Unfortunately it is not negative….  so what does that mean?  Well the Tongue-blade test has a really good negative likelihood – so if it is normal, great, he probably has no fracture.  Here are a few links to posts on evidence for the utility of the TBT:  Bestbets, EMlitof Note, ALIEM

But a potent -LR means that it has a poor specificity.  So there are other reasons that it might be positive.

So – next move….. bedside Ultrasound of course.

Mandibles are superficial bones, easily accessible.  So we can scan them – but what does the evidence say about our diagnostic accuracy with the probe?

Well – there is not a lot of high quality stuff, but I found this systematic review out of Nigeria. Int J Oral Maxillofac Surg., 2011.

Basically there is a wide range of accuracy reported – but as is often the case with US – it is more specific than sensitive – that is to say – better for ruling in a fracture than ruling out.

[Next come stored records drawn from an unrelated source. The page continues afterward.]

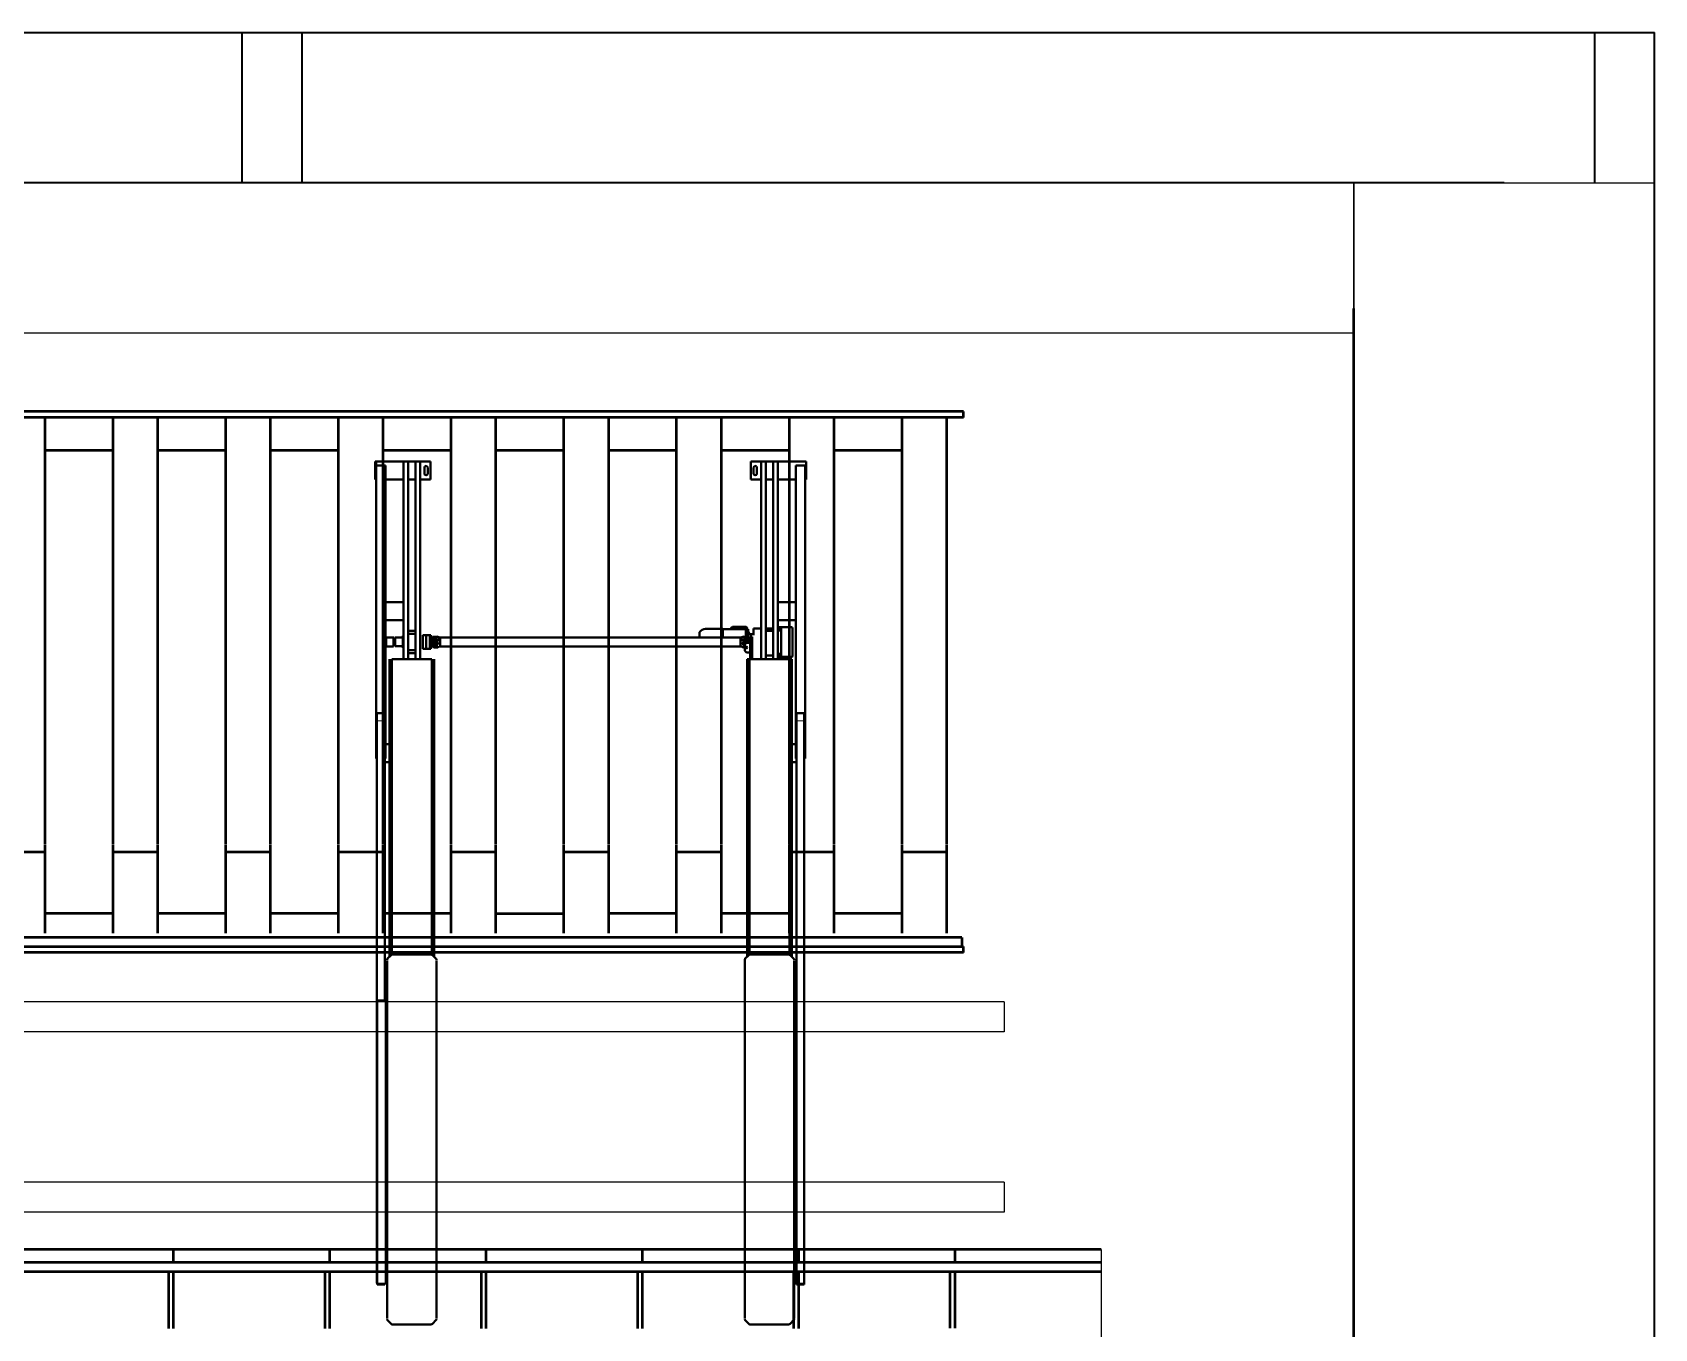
# Model space of a CAD drawing. Header units: millimetres. Extents: x 11 to 67028, y -2 to 23998.
# Drawn here: x 56235 to 67028, y 15375 to 23998 of the extents above; entities that cross this region are included whole.
import ezdxf
from ezdxf.lldxf.tags import DXFTag

# ---------------------------------------------------------------- set-up
doc = ezdxf.new("R2010")
doc.units = ezdxf.units.MM
for name, color, linetype in [('8.F5868.12XN.XXX', 7, 'Continuous'), ('M12开关支架1', 7, 'Continuous'), ('MONTAGELEISTE_00', 7, 'Continuous'), ('MT-ROHR_0088331~', 7, 'Continuous'), ('MT1_0060061~011_', 7, 'Continuous'), ('R37短板1', 7, 'Continuous'), ('SK372.1-90LP_4BR', 7, 'Continuous'), ('ST-1_0060062~011', 7, 'Continuous'), ('ZAPFENKREUZ_0060', 7, 'Continuous'), ('上叉拖链连接板', 7, 'Continuous'), ('下叉1', 7, 'Continuous'), ('下叉拖链连接板', 7, 'Continuous'), ('中叉11', 7, 'Continuous'), ('单深麦道齿轮箱侧板211', 7, 'Continuous'), ('底板1', 7, 'Continuous'), ('德马', 7, 'Continuous'), ('折弯模拟折弯上叉', 7, 'Continuous'), ('拖链下叉中间支撑板', 7, 'Continuous'), ('拼接长板1', 7, 'Continuous'), ('模拟拖链', 7, 'Continuous'), ('法兰盘底板1', 7, 'Continuous'), ('法兰盘盖板1', 7, 'Continuous'), ('竖放护罩1_STANDARD', 7, 'Continuous'), ('编码器链接', 7, 'Continuous'), ('销轴隔套1_95', 7, 'Continuous')]:
    doc.layers.add(name, color=color, linetype=linetype)
for name, color, linetype, lineweight in [('cu', 7, 'Continuous', 35), ('图层1', 2, 'Continuous', 35), ('图层5', 4, 'Continuous', 35)]:
    doc.layers.add(name, color=color, linetype=linetype, lineweight=lineweight)
tags = doc.linetypes.add('PHANTOM2', pattern=[31.75, 15.875, -3.175, 3.175, -3.175, 3.175, -3.175]).pattern_tags.tags
tags[14:15] = [DXFTag(74, 4), DXFTag(75, 0), DXFTag(340, '0'), DXFTag(46, 0.0), DXFTag(50, 0.0), DXFTag(44, 0.0), DXFTag(45, 0.0)]
tags[12:13] = [DXFTag(74, 4), DXFTag(75, 0), DXFTag(340, '0'), DXFTag(46, 0.0), DXFTag(50, 0.0), DXFTag(44, 0.0), DXFTag(45, 0.0)]
tags[10:11] = [DXFTag(74, 4), DXFTag(75, 0), DXFTag(340, '0'), DXFTag(46, 0.0), DXFTag(50, 0.0), DXFTag(44, 0.0), DXFTag(45, 0.0)]
tags[8:9] = [DXFTag(74, 4), DXFTag(75, 0), DXFTag(340, '0'), DXFTag(46, 0.0), DXFTag(50, 0.0), DXFTag(44, 0.0), DXFTag(45, 0.0)]
tags[6:7] = [DXFTag(74, 4), DXFTag(75, 0), DXFTag(340, '0'), DXFTag(46, 0.0), DXFTag(50, 0.0), DXFTag(44, 0.0), DXFTag(45, 0.0)]
tags[4:5] = [DXFTag(74, 4), DXFTag(75, 0), DXFTag(340, '0'), DXFTag(46, 0.0), DXFTag(50, 0.0), DXFTag(44, 0.0), DXFTag(45, 0.0)]

msp = doc.modelspace()

# ---------------------------------------------------------------- linework, layer by layer
at = {"color": 7, "linetype": 'Continuous', "lineweight": 50}
for p, q in [((65027, 998), (65027, 22161)), ((62429, 21477), (54409, 21477)), ((62429, 21437), (54409, 21437)), ((56319, 18596), (56319, 21436)), ((56769, 21436), (56769, 18596)), ((57069, 18596), (57069, 21436)), ((57519, 21436), (57519, 18596)), ((57819, 18596), (57819, 21436)), ((58269, 21436), (58269, 18596)), ((58569, 18596), (58569, 21436)), ((59019, 21436), (59019, 18596)), ((59319, 18596), (59319, 21436)), ((59769, 21436), (59769, 18596)), ((60069, 18596), (60069, 21436)), ((60519, 21436), (60519, 18596)), ((60819, 18596), (60819, 21436)), ((61269, 21436), (61269, 18596)), ((61569, 18596), (61569, 21436)), ((62019, 21436), (62019, 18596)), ((62319, 18596), (62319, 21436)), ((62429, 21437), (62429, 21477)), ((56769, 21217), (56319, 21217)), ((57519, 21217), (57069, 21217)), ((58269, 21217), (57819, 21217)), ((59019, 21217), (58569, 21217)), ((59769, 21217), (59319, 21217)), ((60519, 21217), (60069, 21217)), ((61269, 21217), (60819, 21217)), ((62019, 21217), (61569, 21217)), ((56319, 18546), (56319, 18591)), ((56769, 18591), (56769, 18546)), ((57069, 18546), (57069, 18591)), ((57519, 18591), (57519, 18546)), ((57819, 18546), (57819, 18591)), ((58269, 18591), (58269, 18546)), ((58569, 18546), (58569, 18591)), ((59019, 18591), (59019, 18546)), ((59319, 18546), (59319, 18591)), ((59769, 18591), (59769, 18546)), ((60069, 18546), (60069, 18591)), ((60519, 18591), (60519, 18546)), ((60819, 18546), (60819, 18591)), ((61269, 18591), (61269, 18546)), ((61569, 18546), (61569, 18591)), ((62019, 18591), (62019, 18546)), ((62319, 18546), (62319, 18591)), ((56019, 18546), (56319, 18546)), ((56319, 18006), (56319, 18546)), ((56769, 18546), (56769, 18006)), ((56769, 18546), (57069, 18546)), ((57069, 18006), (57069, 18546)), ((57519, 18546), (57519, 18006)), ((57519, 18546), (57819, 18546)), ((57819, 18006), (57819, 18546)), ((58269, 18546), (58269, 18006)), ((58269, 18546), (58569, 18546)), ((58569, 18006), (58569, 18546)), ((59019, 18546), (59019, 18006)), ((59019, 18546), (59319, 18546)), ((59319, 18006), (59319, 18546)), ((59769, 18546), (59769, 18006)), ((59769, 18546), (60069, 18546)), ((60069, 18006), (60069, 18546)), ((60519, 18546), (60519, 18006)), ((60519, 18546), (60819, 18546)), ((60819, 18006), (60819, 18546)), ((61269, 18546), (61269, 18006)), ((61269, 18546), (61569, 18546)), ((61569, 18006), (61569, 18546)), ((62019, 18546), (62019, 18006)), ((62019, 18546), (62319, 18546)), ((62319, 18006), (62319, 18546)), ((56769, 18137), (56319, 18137)), ((57519, 18137), (57069, 18137)), ((58269, 18137), (57819, 18137)), ((59019, 18137), (58569, 18137)), ((59319, 18137), (59769, 18137)), ((60519, 18137), (60069, 18137)), ((61269, 18137), (60819, 18137)), ((62019, 18137), (61569, 18137)), ((62419, 17977), (54419, 17977)), ((62419, 17977), (62419, 17917)), ((62429, 17877), (54409, 17877)), ((62419, 17915), (54419, 17915)), ((62419, 17917), (62429, 17917)), ((62429, 17877), (62429, 17917)), ((63347, 15901), (49656, 15901)), ((57172, 15902), (57172, 15817)), ((58212, 15901), (58212, 15816)), ((59252, 15901), (59252, 15816)), ((60292, 15901), (60292, 15816)), ((61332, 15901), (61332, 15816)), ((62372, 15901), (62372, 15816)), ((49656, 15816), (63347, 15816)), ((49656, 15755), (63347, 15755)), ((57142, 15376), (57142, 15756)), ((57172, 15756), (57172, 15376)), ((58182, 15375), (58182, 15755)), ((58212, 15755), (58212, 15375)), ((59222, 15375), (59222, 15755)), ((59252, 15755), (59252, 15375)), ((60262, 15375), (60262, 15755)), ((60292, 15755), (60292, 15375)), ((61302, 15375), (61302, 15755)), ((61332, 15755), (61332, 15375)), ((62342, 15378), (62342, 15755)), ((62372, 15755), (62372, 15378))]:
    msp.add_line(p, q, dxfattribs=at)
for p, q in [((65028, 4998), (65028, 21998, -7994043)), ((63347, 15901), (63347, 15211))]:
    msp.add_line(p, q)
at = {"color": 4}
for p, q in [((62701, 17549), (36326, 17549)), ((62701, 17549), (62701, 17349)), ((62701, 17349), (36326, 17349)), ((62701, 16349), (36326, 16349)), ((62701, 16349), (62701, 16149)), ((62701, 16149), (36326, 16149))]:
    msp.add_line(p, q, dxfattribs=at)
msp.add_lwpolyline([(27, 22998), (65027, 22998), (65027, 21998), (27, 21998)])
msp.add_lwpolyline([(65028, 22998), (67028, 22998), (67028, 998), (65028, 998)], close=True)
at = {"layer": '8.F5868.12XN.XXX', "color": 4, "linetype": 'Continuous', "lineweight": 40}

So this is interesting.  If you take out “tongue-blade test” with high sensitivity and add in an US with high specificity – I think you might have a winning combination.  So I think I am going to start using this as a “2 punch” diagnostic strategy in the wee hours of the night when I need to make a call on the risk.  Send home, or admit for transfer.

Let me know what you think… or let Anand know on Twitter @EMSwami

Casey

Comments

  1. I learnt the tongue depressor test in Darwin in the ED there. I can recall someone with a fractured jaw getting a bit cranky when I twisted the tongue depressor. He was drunk and did have a fracture. I’ve tried a few times since and no one had ever come back complaining of a missed fracture. You just have to be careful in your enthusiasm to twist not to leave a few splinters in the mouth, and make sure your fingers are not in the way when the teeth come down.

  2. wow that’s grt test.didn’t knew about this.

  3. Muhammad Umer Shehzad says:

    Thanks for sharing this.
    Just to mention that I perform another “version” of this test. That is, by asking the patient to “crack” the wooden spatula between their teeth using their own jaws. I do it routinely on patients, and obviously it should be done on both sides.
    The spatula needs to be placed on its edge(upright) between the teeth.